Start of Provided data

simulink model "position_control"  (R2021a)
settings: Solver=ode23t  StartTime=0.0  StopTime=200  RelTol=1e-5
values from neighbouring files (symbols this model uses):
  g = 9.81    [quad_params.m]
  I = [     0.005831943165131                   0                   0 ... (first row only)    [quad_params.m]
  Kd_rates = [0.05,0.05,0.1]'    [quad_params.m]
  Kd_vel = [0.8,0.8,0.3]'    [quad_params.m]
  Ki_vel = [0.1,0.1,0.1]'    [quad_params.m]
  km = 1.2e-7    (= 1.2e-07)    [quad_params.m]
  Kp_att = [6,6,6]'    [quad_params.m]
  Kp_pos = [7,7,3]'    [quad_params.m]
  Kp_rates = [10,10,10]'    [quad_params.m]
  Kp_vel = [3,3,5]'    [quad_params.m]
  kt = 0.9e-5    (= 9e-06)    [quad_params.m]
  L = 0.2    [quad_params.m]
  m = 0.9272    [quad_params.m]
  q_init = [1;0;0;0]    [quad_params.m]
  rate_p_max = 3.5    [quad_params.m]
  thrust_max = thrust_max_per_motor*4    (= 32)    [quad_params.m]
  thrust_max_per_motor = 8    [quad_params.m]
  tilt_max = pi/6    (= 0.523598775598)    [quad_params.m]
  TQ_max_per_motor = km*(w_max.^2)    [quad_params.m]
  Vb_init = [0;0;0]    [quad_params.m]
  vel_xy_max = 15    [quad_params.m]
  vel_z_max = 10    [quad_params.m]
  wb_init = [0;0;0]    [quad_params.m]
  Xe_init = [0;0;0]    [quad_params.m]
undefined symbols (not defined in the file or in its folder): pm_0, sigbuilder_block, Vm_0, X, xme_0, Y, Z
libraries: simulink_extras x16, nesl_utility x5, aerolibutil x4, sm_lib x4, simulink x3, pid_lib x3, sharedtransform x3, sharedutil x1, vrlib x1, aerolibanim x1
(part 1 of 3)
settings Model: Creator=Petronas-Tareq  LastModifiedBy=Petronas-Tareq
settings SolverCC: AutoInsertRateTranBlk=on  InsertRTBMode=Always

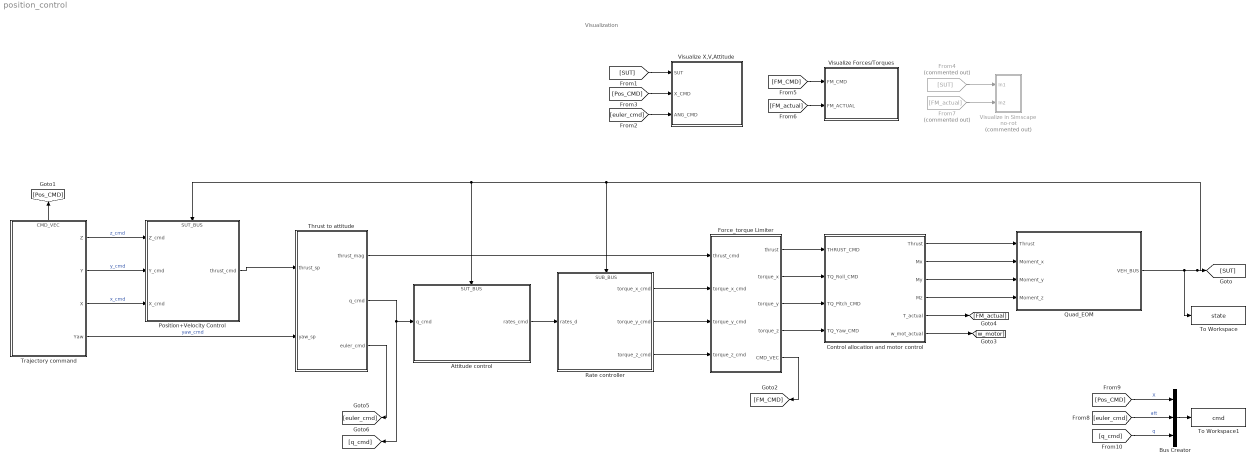
== system position_control ==
  note: Visualization
  Attitude control : Subsystem
      settings: PortSchema="{\"entries\":[{\"content\":{\"sides\":[{\"content\":{\"connectorIds\":[\"In1\"]},\"type\":\"ConnectorPlacement.EquallySpacedRectSide\",\"uuid\":\"19a574f6-5314-4727-8968-5b1c9712010e\"},{\"content\":{\"connectorIds\":[\"Out1\"],\"side\":\"RIGHT\"},\"type\":\"ConnectorPlacement.EquallySpacedRectSide\",\"uuid\":\"5cd6813f-6e17-48c1-918b-7c366c6d9cfa\"},{\"content\":{\"connectorIds\":[\"In2\"],\"side\":\"TOP\"},\"type\":\"ConnectorPlacement.EquallySpacedRectSide\",\"uuid\":\"b2bca67c-c4f4-4722-89a0-a16251073bfd\"}]},\"type\":\"ConnectorPlacement.EquallySpacedConnector\",\"uuid\":\"dcbf54f5-c136-40d5-a3db-9d2776e5196c\"}],\"packageUris\":[\"http://schema.mathworks.com/mf0/Connector/R2020b\"],\"version\":\"1.0\"}"
      mask Display: image('$imagefile'); % Use "Edit Image" on toolstrip to change.
  Bus Creator : BusCreator  Inputs=3
  Control allocation and motor control : Subsystem  Variant=on  VariantControlMode=label  LabelModeActiveChoice=Choice1
      mask Display: image('$imagefile'); % Use "Edit Image" on toolstrip to change.
  Force_torque Limiter : Subsystem
  From4 : From  Commented=on  GotoTag=SUT
  From7 : From  Commented=on  GotoTag=FM_actual
  Position+Velocity Control : Subsystem
      settings: PortSchema="{\"entries\":[{\"content\":{\"sides\":[{\"content\":{\"connectorIds\":[\"In1\",\"In2\",\"In3\"]},\"type\":\"ConnectorPlacement.EquallySpacedRectSide\",\"uuid\":\"cfe37ea9-b8e2-443a-9d65-596f0fda79c9\"},{\"content\":{\"connectorIds\":[\"Out1\"],\"side\":\"RIGHT\"},\"type\":\"ConnectorPlacement.EquallySpacedRectSide\",\"uuid\":\"f39f64e1-4b16-444a-b7d2-95ecb1b2a6fa\"},{\"content\":{\"connectorIds\":[\"In4\"],\"side\":\"TOP\"},\"type\":\"ConnectorPlacement.EquallySpacedRectSide\",\"uuid\":\"52402c3a-f2ac-44cf-8c94-dbfc3f851d2b\"}]},\"type\":\"ConnectorPlacement.EquallySpacedConnector\",\"uuid\":\"0122f56a-2702-493b-af7d-a25e6b9e04ed\"}],\"packageUris\":[\"http://schema.mathworks.com/mf0/Connector/R2020b\"],\"version\":\"1.0\"}"
  Quad_EOM : Subsystem
      mask Display: image('$imagefile'); % Use "Edit Image" on toolstrip to change.
  Rate controller : Subsystem
      settings: PortSchema="{\"entries\":[{\"content\":{\"sides\":[{\"content\":{\"connectorIds\":[\"In1\"]},\"type\":\"ConnectorPlacement.EquallySpacedRectSide\",\"uuid\":\"0af60e35-7b10-4750-a6af-1a3d920b4771\"},{\"content\":{\"connectorIds\":[\"Out1\",\"Out2\",\"Out3\"],\"side\":\"RIGHT\"},\"type\":\"ConnectorPlacement.EquallySpacedRectSide\",\"uuid\":\"931b0f34-b3f1-4a41-949f-3d763eca3151\"},{\"content\":{\"connectorIds\":[\"In2\"],\"side\":\"TOP\"},\"type\":\"ConnectorPlacement.EquallySpacedRectSide\",\"uuid\":\"84fe42fa-07d1-4fd9-ad2f-8c6651eaa98c\"}]},\"type\":\"ConnectorPlacement.EquallySpacedConnector\",\"uuid\":\"f603d2ac-5c20-4a82-ba8b-1c7971d6778a\"}],\"packageUris\":[\"http://schema.mathworks.com/mf0/Connector/R2020b\"],\"version\":\"1.0\"}"
  Thrust to attitude : Subsystem
  To Workspace : ToWorkspace  VariableName=state  SaveFormat=Timeseries  SampleTime=-1
  To Workspace1 : ToWorkspace  VariableName=cmd  SaveFormat=Timeseries  SampleTime=-1
  Trajectory command : Subsystem  Variant=on  VariantControlMode=label  LabelModeActiveChoice=6
      settings: PortSchema="{\"entries\":[{\"content\":{\"sides\":[{\"content\":{\"connectorIds\":[]},\"type\":\"ConnectorPlacement.EquallySpacedRectSide\",\"uuid\":\"8b658e99-682c-4d99-9859-63a6cdcf875c\"},{\"content\":{\"connectorIds\":[\"Out1\",\"Out2\",\"Out3\",\"Out4\"],\"side\":\"RIGHT\"},\"type\":\"ConnectorPlacement.EquallySpacedRectSide\",\"uuid\":\"566e7e32-52b1-45cc-9bb3-5343461c1cc0\"},{\"content\":{\"connectorIds\":[\"Out5\"],\"side\":\"TOP\"},\"type\":\"ConnectorPlacement.EquallySpacedRectSide\",\"uuid\":\"4cb1ab19-6483-4408-b5f4-106b35038f17\"}]},\"type\":\"ConnectorPlacement.EquallySpacedConnector\",\"uuid\":\"dc7c82fc-432d-4c18-9829-e6c2b483f5a7\"}],\"packageUris\":[\"http://schema.mathworks.com/mf0/Connector/R2020b\"],\"version\":\"1.0\"}"
  Visualize Forces/Torques : Subsystem
  Visualize X,V,Attitude : Subsystem
  Visualize in Simscape no-rot : Subsystem  Commented=on
  wires:
  [FM_CMD] -> Visualize Forces/Torques/1(FM_CMD)
  Force_torque Limiter/5(CMD_VEC) -> [FM_CMD]
  [FM_actual] -> Visualize Forces/Torques/2(FM_ACTUAL)
  Trajectory command/2(Y) -> Position+Velocity Control/2(Y_cmd)  "y_cmd"
  [SUT] -> Visualize X,V,Attitude/1(SUT)
  [Pos_CMD] -> Visualize X,V,Attitude/2(X_CMD)
  Trajectory command/3(X) -> Position+Velocity Control/3(X_cmd)  "x_cmd"
  Control allocation and motor control/1(Thrust) -> Quad_EOM/1(Thrust)
  Control allocation and motor control/2(Mx) -> Quad_EOM/2(Moment_x)
  Control allocation and motor control/3(My) -> Quad_EOM/3(Moment_y)
  Control allocation and motor control/4(Mz) -> Quad_EOM/4(Moment_z)
  Control allocation and motor control/5(T_actual) -> [FM_actual]
  Control allocation and motor control/6(w_mot_actual) -> [w_motor]
  Trajectory command/1(Z) -> Position+Velocity Control/1(Z_cmd)  "z_cmd"
  [euler_cmd] -> Visualize X,V,Attitude/3(ANG_CMD)
  From4/1 -> Visualize in Simscape no-rot/1(In1)
  From7/1 -> Visualize in Simscape no-rot/2(In2)
  Force_torque Limiter/4(torque_z) -> Control allocation and motor control/4(TQ_Yaw_CMD)
  Force_torque Limiter/3(torque_y) -> Control allocation and motor control/3(TQ_Pitch_CMD)
  Force_torque Limiter/2(torque_x) -> Control allocation and motor control/2(TQ_Roll_CMD)
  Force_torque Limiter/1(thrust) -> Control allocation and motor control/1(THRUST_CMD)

End of Provided data

### Your objective
Retype the listing from its first line onward, stopping after the line that contains "km = 1.2e-7" has been retyped in full.

### Answer space
simulink model "position_control"  (R2021a)
settings: Solver=ode23t  StartTime=0.0  StopTime=200  RelTol=1e-5
values from neighbouring files (symbols this model uses):
  g = 9.81    [quad_params.m]
  I = [     0.005831943165131                   0                   0 ... (first row only)    [quad_params.m]
  Kd_rates = [0.05,0.05,0.1]'    [quad_params.m]
  Kd_vel = [0.8,0.8,0.3]'    [quad_params.m]
  Ki_vel = [0.1,0.1,0.1]'    [quad_params.m]
  km = 1.2e-7    (= 1.2e-07)    [quad_params.m]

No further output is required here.